President Pétain and Cardinal Gerlier were notified immediately after his arrest. He could have been rescued in the 23 days before he was loaded onto the transport train. Even at the border, French officials could have taken him from the train. Over 80 people tried to organize help. Why did the cardinal do nothing? What real risk might the Vichy authorities have run had they attempted a rescue, even if only to cleanse their consciences for the sake of appearances? It’s puzzling that nothing happened. Even just sending the Helbronners to Theresienstadt, instead of Auschwitz, would have sufficed. Leo Baeck, Paul Epstein, David Cohen, Abraham Asscher and Zvi Koretz were all deported to either Theresienstadt or Bergen-Belsen, and most of them survived.


Expulsion’s long roads

A wise man from Salamanca—doctor, theologian, jurist and forebear of Fray Luis de Léon—was a visionary. He could wind his way along the paths of the INTELLIGIBLE WORLD, parallel to the mere world of factual reality, to navigate the tunnels of the future. He never told a soul exactly how he did it. In the period prior to the 1492 edict of expulsion, it became glaring that Saint Dominic’s zealous followers posed the threat of persecution.

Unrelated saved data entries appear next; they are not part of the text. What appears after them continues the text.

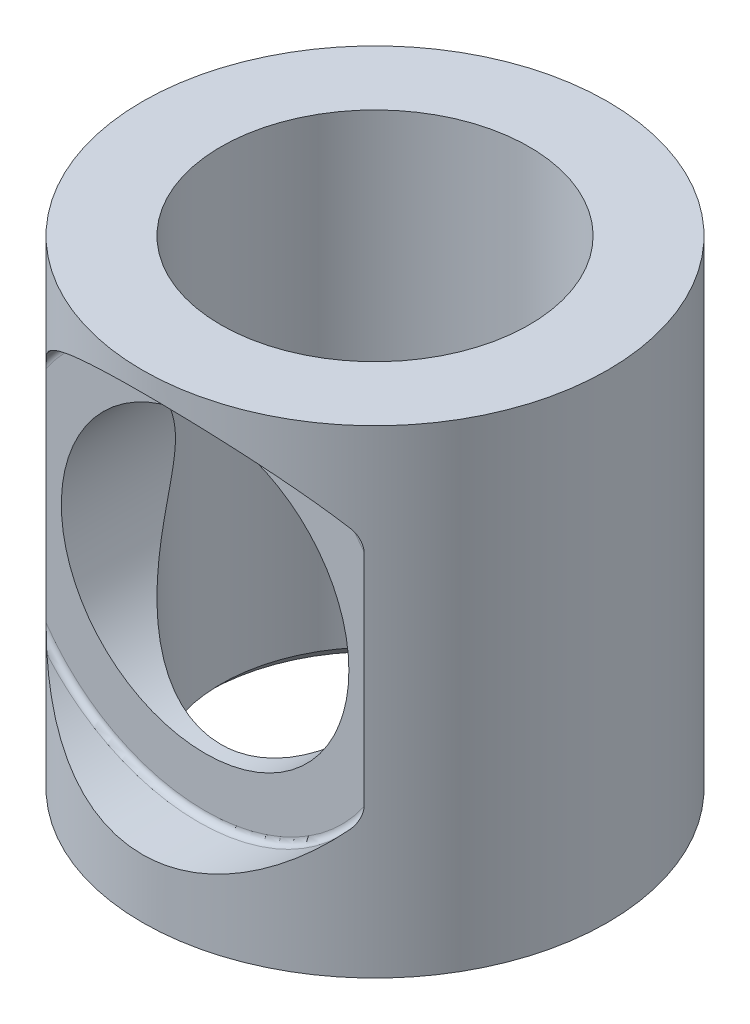
SolidWorks part; units mm, degrees
material "PTFE (general)"
ref_plane "Front Plane" through (0, 0, 0) normal (0, 0, 1) x (1, 0, 0)
ref_plane "Top Plane" through (0, 0, 0) normal (0, 1, 0) x (1, 0, 0)
ref_plane "Right Plane" through (0, 0, 0) normal (1, 0, 0) x (0, 0, -1)
sketch "Sketch1" plane through (0, 0, 0) normal (0, 1, 0) x (1, 0, 0)
  circle A0 centre (0, 0) radius 8.9
  circle A1 centre (0, 0) radius 5.9
  dimension "D1" = 17.8
  dimension "D2" = 11.8
extrude "Boss-Extrude1" add sketch "Sketch1" against normal blind 18.3
sketch "Sketch3" plane through (0, 0, 0) normal (0, 0, 1) x (1, 0, 0)
  line L1 (5.9, 0) -> (-5.9, 0) construction
  circle A0 centre (0, -8.4) radius 7.65
  dimension "D1" = 15.3
  dimension "D2" = 8.4
extrude "Cut-Extrude5" cut sketch "Sketch3" along normal through all from offset 6.5
sketch "Sketch6" plane through (0, 0, 6.5) normal (0, 0, 1) x (1, 0, 0)
  circle A0 centre (0, -8.4) radius 5.5
  dimension "D1" = 11
extrude "Cut-Extrude6" cut sketch "Sketch6" against normal blind 7 and the other way through all
chamfer "Chamfer1" distance 0.5 angle 45 1 edges at (0, -18.3, 5.9)
fillet "Fillet1" radius 0.25 2 edges at (0, -0.75, 6.5) (0, -16.05, 6.5)

This sage advised several of Salamanca’s Sephardic families to emigrate to Lisbon before the forced expulsion. But they shouldn’t trust the Catholic rulers of Portugal for long, either; rather, he advised they continue their journey before 1497, moving on to the more tolerant Ottoman Empire or the Netherlands.

One of these extended families crossed the Atlantic and reached Pernambuco, which was occupied by the Dutch for some time, and then, after the Dutch lost the colony, moved on to Amsterdam. Another extended family settled in the sultanate and spent several centuries there. It wasn’t until 1943 in Salonica that some of their descendants fell into the hands of new persecutors, who no longer even bothered basing their extermination plans on religious belief. The Scholar of Salamanca’s prophetic gift had endured several hundred years, but by the end of that Platonic Year, after providing a spiritual overview of 26,000 years, it turned out to be a bit blurry.